Hero of the Revolution

Happy Fourth of July, I think to celebrate the today with the hero who make it happen: George Washington.
A cautious and prudent Virginia aristocrat, Washington was nevertheless among the first Virginians to protest British colonial policy. He publicly emphasized his opposition by accepting appointment as a delegate to the Continental Congress during 1774–1775. On 15 June 1775 he was chosen by that body as commander in chief of the Continental army.
The saga of Washington's Revolutionary War exploits has been recounted many times and need not be repeated here. Among the highlights of his extraordinary military career were the successful siege of Boston in 1775–1776; the crossing of the Delaware on Christmas night 1776 and defeat of the redcoats at Trenton; the depressing defeats in the autumn of 1777 at Brandywine and Germantown, Pennsylvania; the bitterly cold winter that the dispirited Continental army endured at Valley Forge in 1777–1778; the skillfully commanded victory at Monmouth, New Jersey, in June 1778; and the famous Yorktown campaign in 1781, which brought the war to an end. By this time, Washington was the foremost hero of the Revolution, virtually canonized by his countrymen and widely respected abroad.

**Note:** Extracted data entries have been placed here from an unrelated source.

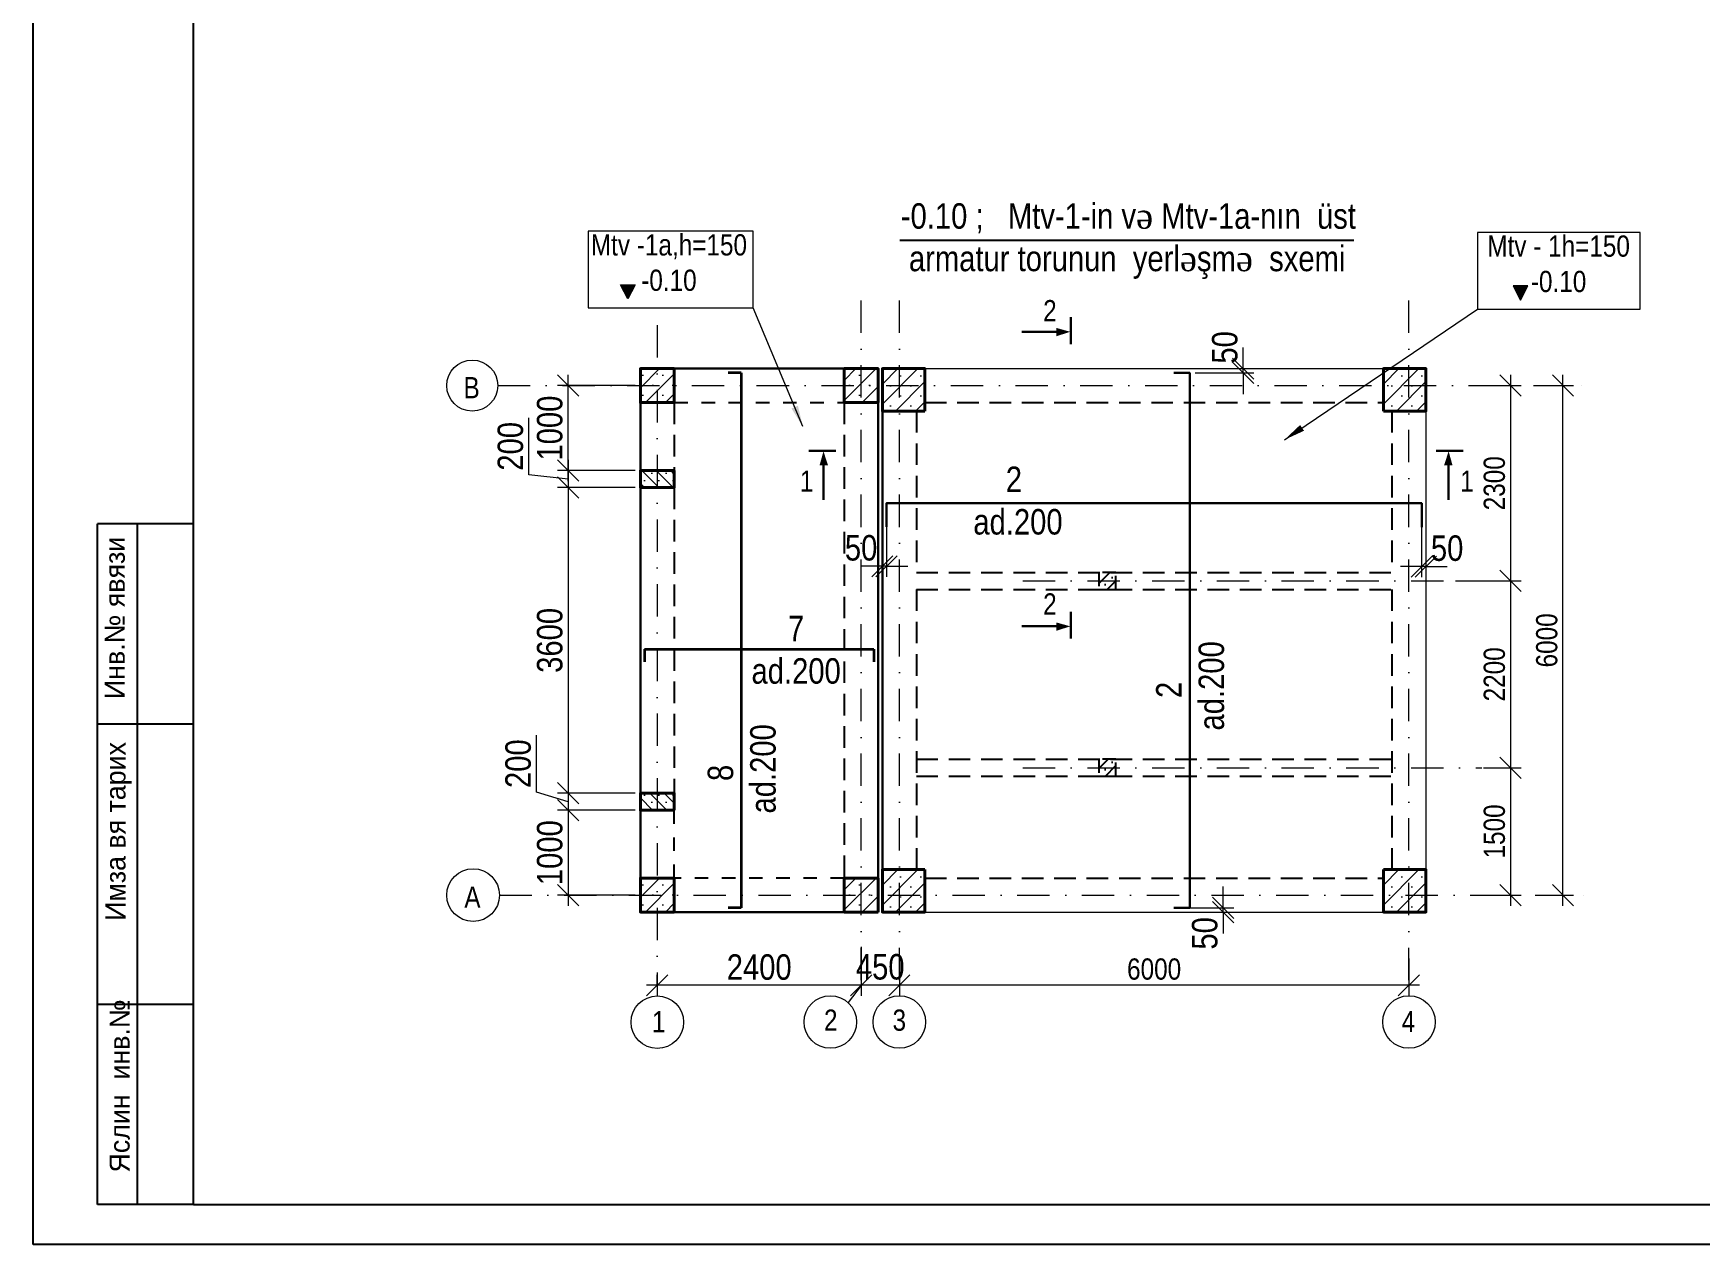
# Model space of a CAD drawing. Header units: millimetres. Extents: x -149347 to 251215, y -2929184 to -2541447.
# Drawn here: x 110423 to 130043, y -2580619 to -2566355 of the extents above; entities that cross this region are included whole.
import ezdxf

# ---------------------------------------------------------------- set-up
doc = ezdxf.new("R2010")
doc.units = ezdxf.units.MM
for name, pattern in [('DASHDOTX2', [50.8, 25.4, -12.7, 0, -12.7]), ('HIDDEN', [4, 2, -2]), ('HIDDEN2', [4.7625, 3.175, -1.5875])]:
    doc.linetypes.add(name, pattern=pattern)
for name, color, linetype, lineweight in [('Калонлар', 2, 'Continuous', 40), ('колонна', 6, 'Continuous', 40), ('размер', 2, 'Continuous', 13), ('Х - диварлар.', 31, 'Continuous', 25)]:
    doc.layers.add(name, color=color, linetype=linetype, lineweight=lineweight)
doc.styles.add('CP_ATTR', font='A3TI(LA).TTF')
doc.styles.add('style1', font='A3TI(LA).TTF', dxfattribs={"height": 400})
doc.styles.add('style6', font='ARIALN.TTF', dxfattribs={"height": 300})
doc.styles.add('Times New  Roman', font='times.ttf')
doc.styles.add('yazitipi', font='ARIALN.TTF')
doc.dimstyles.new('DIM_100', dxfattribs={"dimscale": 100, "dimtxt": 250, "dimasz": 2.5, "dimexe": 1.25, "dimexo": 0.625, "dimtad": 1, "dimdec": 0, "dimtxsty": 'style1', "dimblk": 'OBLIQUE', "dimcen": 2.5, "dimdle": 1.25, "dimclrd": 251, "dimclre": 251, "dimaunit": 1, "dimadec": 3, "dimazin": 0, "dimtfac": 1, "dimtdec": 0, "dimtmove": 1, "dimatfit": 3, "dimfxl": 1.25, "dimlwd": 5, "dimlwe": 5, "dimarcsym": 0})
doc.dimstyles.new('İSO-100', dxfattribs={"dimtxt": 250, "dimasz": 250, "dimexe": 100, "dimexo": 500, "dimgap": 100, "dimtad": 1, "dimdec": 0, "dimtxsty": 'Times New  Roman', "dimblk": 'OBLIQUE', "dimcen": 2.5, "dimdle": 100, "dimclrd": 250, "dimclre": 250, "dimadec": 0, "dimazin": 0, "dimtfac": 1, "dimtdec": 0, "dimtmove": 1, "dimatfit": 3, "dimfxl": 1, "dimlwd": 5, "dimlwe": 5, "dimarcsym": 0})
doc.dimstyles.new('sevda', dxfattribs={"dimscale": 100, "dimtxt": 2.8, "dimasz": 2.5, "dimexe": 1.25, "dimexo": 0.625, "dimtad": 1, "dimtxsty": 'yazitipi', "dimblk": 'OBLIQUE', "dimcen": 2.5, "dimclrd": 253, "dimclre": 253, "dimclrt": 73, "dimaunit": 1, "dimadec": 3, "dimazin": 0, "dimtfac": 1, "dimtmove": 1, "dimatfit": 3, "dimfxl": 1, "dimlwd": 9, "dimlwe": 9, "dimarcsym": 0})
pattern_1 = [(315, (487719.3, -2626764.53), (84.1899, 84.1899), []), (315, (487719.3, -2626848.72), (84.1899, 84.1899), [0, -119.0625])]

# ---------------------------------------------------------------- blocks, each defined once
blk = doc.blocks.new('mekteb')
at = {"color": 0, "lineweight": 25}
for p, q in [((99643, -1849866), (99643, -1821466)), ((139843, -1849866), (99643, -1849866))]:
    blk.add_line(p, q, dxfattribs=at)
at = {"color": 0, "lineweight": 25, "ltscale": 15}
for q in [(101643, -1821966), (139343, -1849366)]:
    blk.add_line((101643, -1849366), q, dxfattribs=at)
at = {"lineweight": 25, "ltscale": 0.25}
for p, q in [((100443, -1849366), (100443, -1840866)), ((100943, -1849367), (100943, -1840866))]:
    blk.add_line(p, q, dxfattribs=at)
at = {"lineweight": 25}
for p, q in [((101643, -1840866), (100443, -1840866)), ((101645, -1843366), (100445, -1843366)), ((101645, -1846866), (100445, -1846866)), ((101643, -1849366), (100443, -1849366))]:
    blk.add_line(p, q, dxfattribs=at)
at = {"lineweight": 25, "char_height": 250.01, "width": 5960.07, "attachment_point": 1, "rotation": 90, "style": 'CP_ATTR'}
for s, insert in [('\\pt3143;Инв.№ явязи', (100535, -1843053)), ('\\pt3143;Имза вя тарих', (100544, -1845823)), ('\\pt3143;Яслин  инв.№', (100595, -1848965))]:
    blk.add_mtext(s, dxfattribs=dict(at, insert=insert))
blk = doc.blocks.new('_Oblique')
at = {"color": 0, "linetype": 'ByBlock', "lineweight": -2}
blk.add_line((-0.5, -0.5), (0.5, 0.5), dxfattribs=at)
blk = doc.blocks.new('*D866')
at = {"color": 251, "lineweight": 5, "ltscale": 50, "transparency": 16777216}
for p, q in [((120620, -2577250), (120620, -2577690)), ((126620, -2577250), (126620, -2577690))]:
    blk.add_line(p, q, dxfattribs=at)
at = {"color": 251, "linetype": 'ByBlock', "lineweight": 5, "ltscale": 50, "transparency": 16777216}
blk.add_line((126745, -2577565), (120495, -2577565), dxfattribs=at)
at = {"layer": 'Defpoints', "color": 0, "lineweight": 15, "ltscale": 50, "transparency": 16777216}
for p in [(120620, -2577188), (126620, -2577188), (120620, -2577565)]:
    blk.add_point(p, dxfattribs=at)
at = {"color": 251, "lineweight": 5, "ltscale": 50, "transparency": 16777216, "xscale": 250, "yscale": 250, "zscale": 250, "rotation": 180}
blk.add_blockref('_Oblique', (120620, -2577565), dxfattribs=at)
at = {"color": 251, "lineweight": 5, "ltscale": 50, "transparency": 16777216, "xscale": 250, "yscale": 250, "zscale": 250}
blk.add_blockref('_Oblique', (126620, -2577565), dxfattribs=at)
at = {"color": 0, "lineweight": 15, "ltscale": 50, "transparency": 16777216, "insert": (123620, -2577375), "char_height": 300, "attachment_point": 5, "style": 'style6'}
blk.add_mtext('{\\H0.83333x;6000}', dxfattribs=at)
blk = doc.blocks.new('*D867')
at = {"color": 251, "linetype": 'ByBlock', "lineweight": 5, "ltscale": 50, "transparency": 16777216}
blk.add_line((128434, -2576628), (128434, -2570378), dxfattribs=at)
at = {"color": 251, "lineweight": 5, "ltscale": 50, "transparency": 16777216}
for p, q in [((128441, -2570503), (128559, -2570503)), ((128441, -2576503), (128559, -2576503))]:
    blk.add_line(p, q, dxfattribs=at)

After eight and a half years as commander in chief of the revolutionary army, Washington resigned his commission and resumed his former life as a planter at Mount Vernon. He was enormously satisfied to be relieved of the heavy duties of official life and happy to be once again a private citizen. But the feebleness of government under the Articles of Confederation and the vital of strengthening the Union quickly convinced him that his dream of serene retirement at Mount Vernon was likely to be shattered. It soon was. Convinced that "we are fast verging to anarchy and confusion," Washington accepted his selection as a delegate to the Constitutional Convention, which assembled in Philadelphia in May 1787, and was chosen its president. Once the new Constitution was written and ratified, there was, as has been said, no doubt as to the identity of the new nation's first president.
Washington's journey to the new capital in April 1789 was physically arduous, but it was a triumphal procession then unparalleled in the country's history. At major coach stops along his route, he was hailed in a manner befitting a Roman Emperor or a European King—bells were rung, guns fired, countless congratulatory speeches made, odes recited, and parades and public banquets held. As he sailed across New York Bay on the last leg of his journey, he was accompanied by a sloop crowded with choristers who sang odes—one of them set to the tune of "God Save the King"—in his honor. When he reached the Battery, the cheers of a dense crowd and the peals of church bells competed with the thunder of thirteen-gun salutes from ship and shore batteries.
Such adulation suggests a major difficulty in objectively assessing the accomplishments and shortcomings of the first president. Since his retirement in 1783 as commander in chief of the Continental army, he had been hailed as "Father of His Country," heralded as an American Atlas or Fabius, and honored as the Cincinnatus of his nation's successful revolution. The most famous American of his day, at home and internationally, he was already a legendary figure and, as such, virtually immune from the critical or partisan barbs and shafts hurled at many of his presidential successors. He is still remembered primarily as the hero of the Revolution, the military leader most responsible for establishing on the field of battle a new and ultimately powerful nation. Even now, as for almost two centuries, his presidential stewardship is considered a addition to his renowned generalship.